TASK STATEMENT:
Let the line containing "msp.add_lwpolyline(points, close=True, dxfattribs=at)" serve as the first line of the answer and the final line of the entries as its last, with every line between copied exactly.

Source records
·····

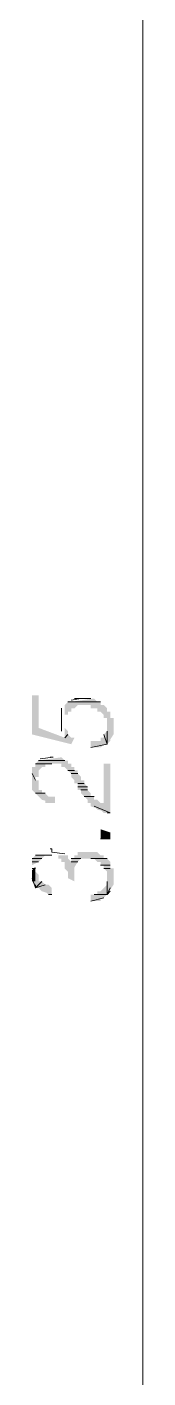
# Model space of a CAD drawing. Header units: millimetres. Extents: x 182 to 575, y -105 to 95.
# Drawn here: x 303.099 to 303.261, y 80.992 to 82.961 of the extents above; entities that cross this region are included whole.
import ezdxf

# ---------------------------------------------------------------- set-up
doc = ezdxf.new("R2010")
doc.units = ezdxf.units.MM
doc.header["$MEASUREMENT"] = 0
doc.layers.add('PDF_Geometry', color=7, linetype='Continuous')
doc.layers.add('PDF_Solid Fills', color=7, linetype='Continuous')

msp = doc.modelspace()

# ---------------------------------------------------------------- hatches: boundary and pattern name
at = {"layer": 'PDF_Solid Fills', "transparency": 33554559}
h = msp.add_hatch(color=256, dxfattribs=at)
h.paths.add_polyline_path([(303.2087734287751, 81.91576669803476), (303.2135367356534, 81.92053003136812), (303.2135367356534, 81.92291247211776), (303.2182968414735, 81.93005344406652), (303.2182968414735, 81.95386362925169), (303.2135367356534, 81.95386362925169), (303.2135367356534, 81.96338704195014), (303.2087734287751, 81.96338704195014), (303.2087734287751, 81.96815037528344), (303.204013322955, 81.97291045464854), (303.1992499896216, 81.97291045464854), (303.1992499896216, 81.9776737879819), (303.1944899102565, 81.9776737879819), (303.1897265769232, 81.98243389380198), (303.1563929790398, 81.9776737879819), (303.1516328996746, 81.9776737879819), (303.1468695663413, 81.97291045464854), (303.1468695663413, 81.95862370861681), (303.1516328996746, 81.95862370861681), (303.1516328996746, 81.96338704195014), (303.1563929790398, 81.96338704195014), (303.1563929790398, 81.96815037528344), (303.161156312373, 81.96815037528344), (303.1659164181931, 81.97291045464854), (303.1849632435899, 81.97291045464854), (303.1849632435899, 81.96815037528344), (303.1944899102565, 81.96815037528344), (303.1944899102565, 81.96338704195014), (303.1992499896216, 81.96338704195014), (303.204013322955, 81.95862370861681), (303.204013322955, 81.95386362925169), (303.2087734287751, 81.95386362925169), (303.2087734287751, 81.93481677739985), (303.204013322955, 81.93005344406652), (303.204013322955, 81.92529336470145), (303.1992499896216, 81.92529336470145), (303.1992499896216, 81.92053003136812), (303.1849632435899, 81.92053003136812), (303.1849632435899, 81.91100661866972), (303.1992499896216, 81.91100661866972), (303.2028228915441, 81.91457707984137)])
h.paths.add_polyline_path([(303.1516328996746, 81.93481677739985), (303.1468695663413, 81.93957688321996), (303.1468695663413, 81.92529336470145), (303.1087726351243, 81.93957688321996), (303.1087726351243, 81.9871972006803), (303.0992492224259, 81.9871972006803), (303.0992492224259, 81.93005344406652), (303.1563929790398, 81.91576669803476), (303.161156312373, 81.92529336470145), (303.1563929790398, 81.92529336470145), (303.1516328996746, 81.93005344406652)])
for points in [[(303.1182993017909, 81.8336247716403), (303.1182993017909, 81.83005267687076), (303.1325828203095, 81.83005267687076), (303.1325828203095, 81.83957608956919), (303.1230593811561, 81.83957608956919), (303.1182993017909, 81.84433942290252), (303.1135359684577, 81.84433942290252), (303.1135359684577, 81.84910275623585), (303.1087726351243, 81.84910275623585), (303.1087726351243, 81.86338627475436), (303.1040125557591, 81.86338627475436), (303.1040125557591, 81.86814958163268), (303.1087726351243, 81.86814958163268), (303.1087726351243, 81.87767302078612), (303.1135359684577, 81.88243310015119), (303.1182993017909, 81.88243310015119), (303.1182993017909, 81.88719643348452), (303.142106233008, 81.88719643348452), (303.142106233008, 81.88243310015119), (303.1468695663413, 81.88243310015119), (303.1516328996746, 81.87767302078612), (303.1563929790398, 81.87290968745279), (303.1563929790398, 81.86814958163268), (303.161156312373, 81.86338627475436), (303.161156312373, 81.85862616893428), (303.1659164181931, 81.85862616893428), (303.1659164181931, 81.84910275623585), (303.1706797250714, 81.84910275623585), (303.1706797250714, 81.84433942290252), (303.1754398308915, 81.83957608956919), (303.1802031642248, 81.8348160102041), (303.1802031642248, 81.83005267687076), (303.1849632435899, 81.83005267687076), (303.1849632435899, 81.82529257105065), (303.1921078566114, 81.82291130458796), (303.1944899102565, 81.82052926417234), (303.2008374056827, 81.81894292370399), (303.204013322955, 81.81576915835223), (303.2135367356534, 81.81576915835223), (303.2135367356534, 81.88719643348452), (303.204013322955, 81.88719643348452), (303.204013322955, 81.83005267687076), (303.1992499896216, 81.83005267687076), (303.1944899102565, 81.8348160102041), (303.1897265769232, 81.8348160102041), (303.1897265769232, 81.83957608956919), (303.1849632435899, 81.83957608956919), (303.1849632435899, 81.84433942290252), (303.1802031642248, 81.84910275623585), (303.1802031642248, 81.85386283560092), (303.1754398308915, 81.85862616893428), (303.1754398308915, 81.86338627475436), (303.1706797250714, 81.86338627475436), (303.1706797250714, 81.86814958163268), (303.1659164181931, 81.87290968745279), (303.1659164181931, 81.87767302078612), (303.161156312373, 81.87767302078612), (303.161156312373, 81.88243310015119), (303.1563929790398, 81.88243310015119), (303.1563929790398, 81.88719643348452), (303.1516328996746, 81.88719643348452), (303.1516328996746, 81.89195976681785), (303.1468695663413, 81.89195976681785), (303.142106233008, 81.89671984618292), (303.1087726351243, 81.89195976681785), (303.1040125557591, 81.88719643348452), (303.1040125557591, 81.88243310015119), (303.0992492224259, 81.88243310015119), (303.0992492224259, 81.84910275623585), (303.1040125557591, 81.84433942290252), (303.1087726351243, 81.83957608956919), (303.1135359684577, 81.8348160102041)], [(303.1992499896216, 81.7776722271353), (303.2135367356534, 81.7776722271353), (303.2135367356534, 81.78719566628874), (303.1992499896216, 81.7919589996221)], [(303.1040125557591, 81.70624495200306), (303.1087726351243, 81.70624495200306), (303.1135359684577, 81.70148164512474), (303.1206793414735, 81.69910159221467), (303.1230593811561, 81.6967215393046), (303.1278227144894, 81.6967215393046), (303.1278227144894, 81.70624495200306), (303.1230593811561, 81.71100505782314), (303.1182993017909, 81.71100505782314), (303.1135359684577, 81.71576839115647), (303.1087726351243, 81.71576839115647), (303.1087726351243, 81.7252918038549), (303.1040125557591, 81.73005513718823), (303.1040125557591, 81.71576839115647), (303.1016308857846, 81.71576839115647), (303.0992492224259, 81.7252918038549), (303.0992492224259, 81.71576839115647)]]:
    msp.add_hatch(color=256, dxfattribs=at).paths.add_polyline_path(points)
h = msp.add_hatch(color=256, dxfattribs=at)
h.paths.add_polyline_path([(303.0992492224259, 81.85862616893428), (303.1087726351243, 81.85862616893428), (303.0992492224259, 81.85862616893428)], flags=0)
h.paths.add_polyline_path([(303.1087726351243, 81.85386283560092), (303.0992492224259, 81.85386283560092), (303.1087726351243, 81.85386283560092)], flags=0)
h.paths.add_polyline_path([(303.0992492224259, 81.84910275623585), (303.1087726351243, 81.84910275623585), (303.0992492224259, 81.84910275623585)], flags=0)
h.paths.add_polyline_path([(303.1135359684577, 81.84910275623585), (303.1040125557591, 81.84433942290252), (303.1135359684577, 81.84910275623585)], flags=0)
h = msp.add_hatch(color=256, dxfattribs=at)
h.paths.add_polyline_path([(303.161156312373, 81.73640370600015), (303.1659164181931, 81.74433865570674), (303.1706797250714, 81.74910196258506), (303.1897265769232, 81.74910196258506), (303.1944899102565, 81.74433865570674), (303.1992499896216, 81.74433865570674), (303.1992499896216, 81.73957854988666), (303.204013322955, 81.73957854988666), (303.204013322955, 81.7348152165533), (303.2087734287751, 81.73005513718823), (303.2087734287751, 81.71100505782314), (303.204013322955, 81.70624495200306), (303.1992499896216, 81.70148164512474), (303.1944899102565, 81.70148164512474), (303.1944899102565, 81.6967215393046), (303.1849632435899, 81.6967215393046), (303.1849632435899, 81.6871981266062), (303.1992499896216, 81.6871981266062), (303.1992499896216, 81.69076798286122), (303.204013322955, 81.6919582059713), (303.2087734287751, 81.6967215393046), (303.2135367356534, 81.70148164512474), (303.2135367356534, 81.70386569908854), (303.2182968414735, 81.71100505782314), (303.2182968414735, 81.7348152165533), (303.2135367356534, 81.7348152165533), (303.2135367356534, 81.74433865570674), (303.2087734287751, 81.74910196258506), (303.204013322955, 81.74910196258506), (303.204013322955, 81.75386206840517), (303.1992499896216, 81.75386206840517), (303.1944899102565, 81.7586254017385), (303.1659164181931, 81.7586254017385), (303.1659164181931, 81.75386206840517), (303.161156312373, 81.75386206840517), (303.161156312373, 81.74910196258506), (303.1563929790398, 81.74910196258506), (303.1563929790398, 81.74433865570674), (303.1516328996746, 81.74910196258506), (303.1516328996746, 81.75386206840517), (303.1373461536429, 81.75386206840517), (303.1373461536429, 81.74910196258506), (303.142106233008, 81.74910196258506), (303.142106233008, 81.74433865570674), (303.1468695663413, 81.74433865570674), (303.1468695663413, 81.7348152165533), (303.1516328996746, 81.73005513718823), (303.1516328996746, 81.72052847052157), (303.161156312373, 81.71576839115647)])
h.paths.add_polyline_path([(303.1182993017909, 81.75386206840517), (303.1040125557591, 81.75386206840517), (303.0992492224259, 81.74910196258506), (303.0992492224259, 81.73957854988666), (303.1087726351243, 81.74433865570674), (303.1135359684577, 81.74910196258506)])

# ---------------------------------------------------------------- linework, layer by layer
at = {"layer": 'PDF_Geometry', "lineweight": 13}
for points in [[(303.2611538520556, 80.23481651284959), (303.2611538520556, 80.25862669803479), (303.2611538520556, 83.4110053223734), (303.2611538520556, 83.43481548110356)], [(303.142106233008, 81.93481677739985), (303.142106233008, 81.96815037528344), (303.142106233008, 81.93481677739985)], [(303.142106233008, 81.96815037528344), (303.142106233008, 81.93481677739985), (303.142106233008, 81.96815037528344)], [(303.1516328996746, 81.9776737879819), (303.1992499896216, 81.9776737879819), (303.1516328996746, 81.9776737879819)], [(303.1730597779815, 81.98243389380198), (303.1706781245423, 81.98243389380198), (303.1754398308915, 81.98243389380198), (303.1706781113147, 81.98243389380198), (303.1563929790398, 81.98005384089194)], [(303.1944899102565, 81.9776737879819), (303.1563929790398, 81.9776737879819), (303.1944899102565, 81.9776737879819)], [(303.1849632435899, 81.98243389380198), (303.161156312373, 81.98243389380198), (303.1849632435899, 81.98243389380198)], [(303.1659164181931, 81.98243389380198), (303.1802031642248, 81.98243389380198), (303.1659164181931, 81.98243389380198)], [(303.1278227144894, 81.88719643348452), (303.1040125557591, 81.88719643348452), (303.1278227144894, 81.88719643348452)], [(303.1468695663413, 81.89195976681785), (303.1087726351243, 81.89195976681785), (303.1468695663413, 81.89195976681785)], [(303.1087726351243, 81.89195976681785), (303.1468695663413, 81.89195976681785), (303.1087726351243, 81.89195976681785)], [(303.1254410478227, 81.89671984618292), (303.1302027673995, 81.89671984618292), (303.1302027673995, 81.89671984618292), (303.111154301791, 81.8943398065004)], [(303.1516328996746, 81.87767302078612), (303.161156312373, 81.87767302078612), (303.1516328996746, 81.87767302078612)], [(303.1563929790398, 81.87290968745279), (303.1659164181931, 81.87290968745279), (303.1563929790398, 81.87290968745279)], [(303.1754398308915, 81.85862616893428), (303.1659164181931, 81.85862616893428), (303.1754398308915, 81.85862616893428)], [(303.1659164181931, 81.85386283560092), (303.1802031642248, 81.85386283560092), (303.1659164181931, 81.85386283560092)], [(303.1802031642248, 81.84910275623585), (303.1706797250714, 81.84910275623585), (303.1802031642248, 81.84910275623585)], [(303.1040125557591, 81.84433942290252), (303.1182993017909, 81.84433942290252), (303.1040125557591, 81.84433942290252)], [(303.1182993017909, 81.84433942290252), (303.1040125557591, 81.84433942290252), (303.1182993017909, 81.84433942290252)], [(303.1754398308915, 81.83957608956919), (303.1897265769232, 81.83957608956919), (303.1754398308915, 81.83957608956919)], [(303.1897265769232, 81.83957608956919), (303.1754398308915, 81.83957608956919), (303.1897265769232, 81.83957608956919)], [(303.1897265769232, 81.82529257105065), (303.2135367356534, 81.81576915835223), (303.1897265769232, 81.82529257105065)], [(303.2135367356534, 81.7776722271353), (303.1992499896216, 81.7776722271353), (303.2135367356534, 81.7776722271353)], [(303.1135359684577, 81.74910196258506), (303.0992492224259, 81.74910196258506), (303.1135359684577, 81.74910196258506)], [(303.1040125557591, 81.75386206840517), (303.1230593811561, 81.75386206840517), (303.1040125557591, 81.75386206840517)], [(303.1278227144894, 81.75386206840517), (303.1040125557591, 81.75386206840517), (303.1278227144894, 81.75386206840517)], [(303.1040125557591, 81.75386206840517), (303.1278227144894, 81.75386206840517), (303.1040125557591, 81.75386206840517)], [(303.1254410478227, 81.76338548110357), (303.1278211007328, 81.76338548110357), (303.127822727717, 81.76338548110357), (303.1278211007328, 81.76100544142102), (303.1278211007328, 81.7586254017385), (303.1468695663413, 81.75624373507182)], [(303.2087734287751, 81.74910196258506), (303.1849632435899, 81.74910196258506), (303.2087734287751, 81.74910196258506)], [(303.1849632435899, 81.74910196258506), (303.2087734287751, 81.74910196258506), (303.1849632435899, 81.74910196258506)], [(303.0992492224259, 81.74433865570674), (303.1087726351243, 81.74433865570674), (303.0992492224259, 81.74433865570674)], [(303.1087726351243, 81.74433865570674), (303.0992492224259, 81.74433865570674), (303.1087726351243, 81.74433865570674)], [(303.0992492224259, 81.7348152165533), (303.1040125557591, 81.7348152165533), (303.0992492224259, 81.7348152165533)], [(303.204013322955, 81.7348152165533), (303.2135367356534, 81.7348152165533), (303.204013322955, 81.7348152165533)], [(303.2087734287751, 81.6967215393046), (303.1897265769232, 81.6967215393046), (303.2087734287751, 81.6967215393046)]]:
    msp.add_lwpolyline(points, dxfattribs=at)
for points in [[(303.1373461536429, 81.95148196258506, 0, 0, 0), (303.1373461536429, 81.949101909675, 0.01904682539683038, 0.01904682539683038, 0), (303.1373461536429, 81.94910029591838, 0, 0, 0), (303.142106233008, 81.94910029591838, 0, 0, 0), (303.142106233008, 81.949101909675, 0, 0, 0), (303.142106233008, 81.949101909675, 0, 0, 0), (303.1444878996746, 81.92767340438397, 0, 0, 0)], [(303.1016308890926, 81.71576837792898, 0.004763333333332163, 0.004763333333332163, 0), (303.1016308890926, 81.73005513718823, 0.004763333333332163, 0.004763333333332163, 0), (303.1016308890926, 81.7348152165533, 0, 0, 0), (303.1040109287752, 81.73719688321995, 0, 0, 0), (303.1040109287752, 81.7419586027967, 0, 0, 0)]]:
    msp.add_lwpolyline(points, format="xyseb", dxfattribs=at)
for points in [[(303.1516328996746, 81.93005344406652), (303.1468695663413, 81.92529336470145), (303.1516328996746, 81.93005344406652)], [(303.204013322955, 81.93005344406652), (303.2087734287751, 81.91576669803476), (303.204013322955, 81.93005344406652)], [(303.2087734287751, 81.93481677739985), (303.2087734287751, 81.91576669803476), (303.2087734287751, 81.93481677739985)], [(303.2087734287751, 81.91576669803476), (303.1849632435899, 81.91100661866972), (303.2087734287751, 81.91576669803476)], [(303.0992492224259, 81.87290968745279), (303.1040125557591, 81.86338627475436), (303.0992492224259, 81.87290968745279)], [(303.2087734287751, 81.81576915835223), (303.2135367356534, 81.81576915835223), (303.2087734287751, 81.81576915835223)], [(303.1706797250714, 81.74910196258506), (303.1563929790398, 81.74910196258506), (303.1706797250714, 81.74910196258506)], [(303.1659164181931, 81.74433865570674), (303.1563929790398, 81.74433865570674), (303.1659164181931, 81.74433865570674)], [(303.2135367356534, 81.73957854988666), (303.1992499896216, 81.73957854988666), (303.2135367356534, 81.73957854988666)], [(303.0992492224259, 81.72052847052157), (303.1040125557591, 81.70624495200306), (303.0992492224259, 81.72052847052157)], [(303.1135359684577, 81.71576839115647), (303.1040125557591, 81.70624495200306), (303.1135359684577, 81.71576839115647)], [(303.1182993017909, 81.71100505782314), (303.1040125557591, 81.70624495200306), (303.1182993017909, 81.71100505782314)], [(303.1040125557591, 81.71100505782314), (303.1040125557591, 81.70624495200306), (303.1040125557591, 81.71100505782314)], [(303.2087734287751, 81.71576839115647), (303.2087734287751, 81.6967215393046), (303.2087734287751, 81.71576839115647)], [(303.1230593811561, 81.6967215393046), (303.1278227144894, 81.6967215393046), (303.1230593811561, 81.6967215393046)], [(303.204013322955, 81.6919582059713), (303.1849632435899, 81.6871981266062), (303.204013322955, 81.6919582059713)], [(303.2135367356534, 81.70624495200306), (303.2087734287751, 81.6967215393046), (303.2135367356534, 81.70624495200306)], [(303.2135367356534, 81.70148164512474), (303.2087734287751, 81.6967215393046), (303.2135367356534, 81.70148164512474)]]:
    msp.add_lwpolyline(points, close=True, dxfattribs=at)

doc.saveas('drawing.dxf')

·····

ANSWER AREA:
    msp.add_lwpolyline(points, close=True, dxfattribs=at)

doc.saveas('drawing.dxf')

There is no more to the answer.